It appears that during this time, Parker was also formulating views on God and man that he would first release in his Views on the Two Seeds (1826). He taught that all persons are from the moment of conception either of the "good seed" of God or of the "bad seed" of Satan (the children of the good seed are roughly equivalent to the "elect" of Calvinism, and those of the bad seed similar to the "non-elect"), and were predestined that way from the beginning; nothing a person can do can change one from God's seed to Satan's or vice versa. Therefore, mission activity was not only unbiblical and sinful but, as a practical matter, useless since the "decision" was already made prior to birth.[3] Many consider his theory a type of Manichaeism.

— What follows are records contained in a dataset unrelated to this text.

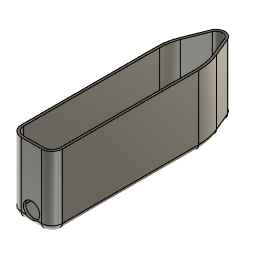
bottom 1-1 (Autodesk Fusion 360 design; units mm, degrees)
Autodesk Fusion 360 part; units mm, degrees
sketch "Sketch1" plane through (0, 0, 0) normal (0, 0, 1) x (1, 0, 0)
  line L0 (-36.1553, -250) -> (-89.3702, -250)
  line L1 (-89.3702, -250) -> (-89.3702, 17.3508)
  line L2 (-89.3702, 17.3508) -> (-36.1553, 17.3508)
  line L3 (-36.1553, 17.3508) -> (-36.1553, -250)
  constraint horizontal L0
  constraint vertical L1
  constraint horizontal L2
  constraint vertical L3
extrude "Extrude1" add sketch "Sketch1" along normal blind 90.7403
sketch "Sketch2" plane through (0, 0, 90.7403) normal (0, 0, 1) x (-1, 0, 0)
  line L0 (36.1553, -17.3508) -> (89.3702, -17.3508)
  line L1 (89.3702, -17.3508) -> (89.3702, 250)
  line L2 (89.3702, 250) -> (36.1553, 250)
  line L3 (36.1553, 250) -> (36.1553, -17.3508)
  line L4 (89.3702, 49.3912) -> (62.7627, -17.3508)
  line L5 (62.7627, -17.3508) -> (36.1553, 46.8639)
  constraint coincident L1 L4.start
  constraint midpoint L0 L4.end
  constraint coincident L3 L5.end
extrude "Extrude2" cut sketch "Sketch2" against normal blind 218.776 contours L0 L3 L5 | L0 L1 L4
fillet "Fillet1" radius 11.437 1 edges at (-62.7627, 17.3508, 45.3701)
fillet "Fillet2" radius 63.498 1 edges at (-89.3702, -49.3912, 45.3701)
fillet "Fillet3" radius 74.946 1 edges at (-36.1553, -46.8639, 45.3701)
fillet "Fillet4" radius 13.769 1 edges at (-89.3702, -250, 45.3701)
fillet "Fillet5" radius 13.342 1 edges at (-36.1553, -250, 45.3701)
shell "Shell1" thickness 3 removed faces 1 at (-53.8936, -178.2217, 90.7403)
fillet "Fillet8" radius 8.009 1 faces at (-53.8936, -178.2217, 0)
hole "Hole2" at (-62.3327, -250, 16.1469) direction (0, 1, 0) diameter 21 depth 30 tip angle 118

Parker's two-seeds doctrine identified the serpent as the father of Cain and the originator of a wicked impure seedline. That this was unrelated to race theory can be seen in the fact that the Pilgrim Church contained both whites and blacks in the membership. Parker may have incorporated the Serpent seedline doctrine into his opposition to foreign Christian missionary activity, but “an examination of Parker’s writings reveals, contrary to the traditional view, that Parker was not opposed to missions. Rather, he was opposed to any mission plan which was not under the government and direction of the churches, an example of which was the societal mission plan of the Triennial Convention. Parker’s opposition was against this plan of the Triennial Convention and not against missions proper.”[4] Parker was labeled a heretic by the main body of Baptists for his teaching the two-seeds doctrine.[5] The influences on Parker's beliefs are unknown, so he may have arrived at his version of the Serpent seedline doctrine independently. Parker's teachings coincided with the promotion of the earliest form of Polygenism in the United States by the Kentuckian Charles Caldwell, who believed non-white races could not have descended from Adam. Although it was not widely accepted, Parker's teaching became well known among Calvinistic Baptists in Kentucky.[6] "Two-Seed Predestinarian Baptists always remained a small group. The U.S. religious census of 1906 recorded 781 members. In 1938 there were 98 members."[7]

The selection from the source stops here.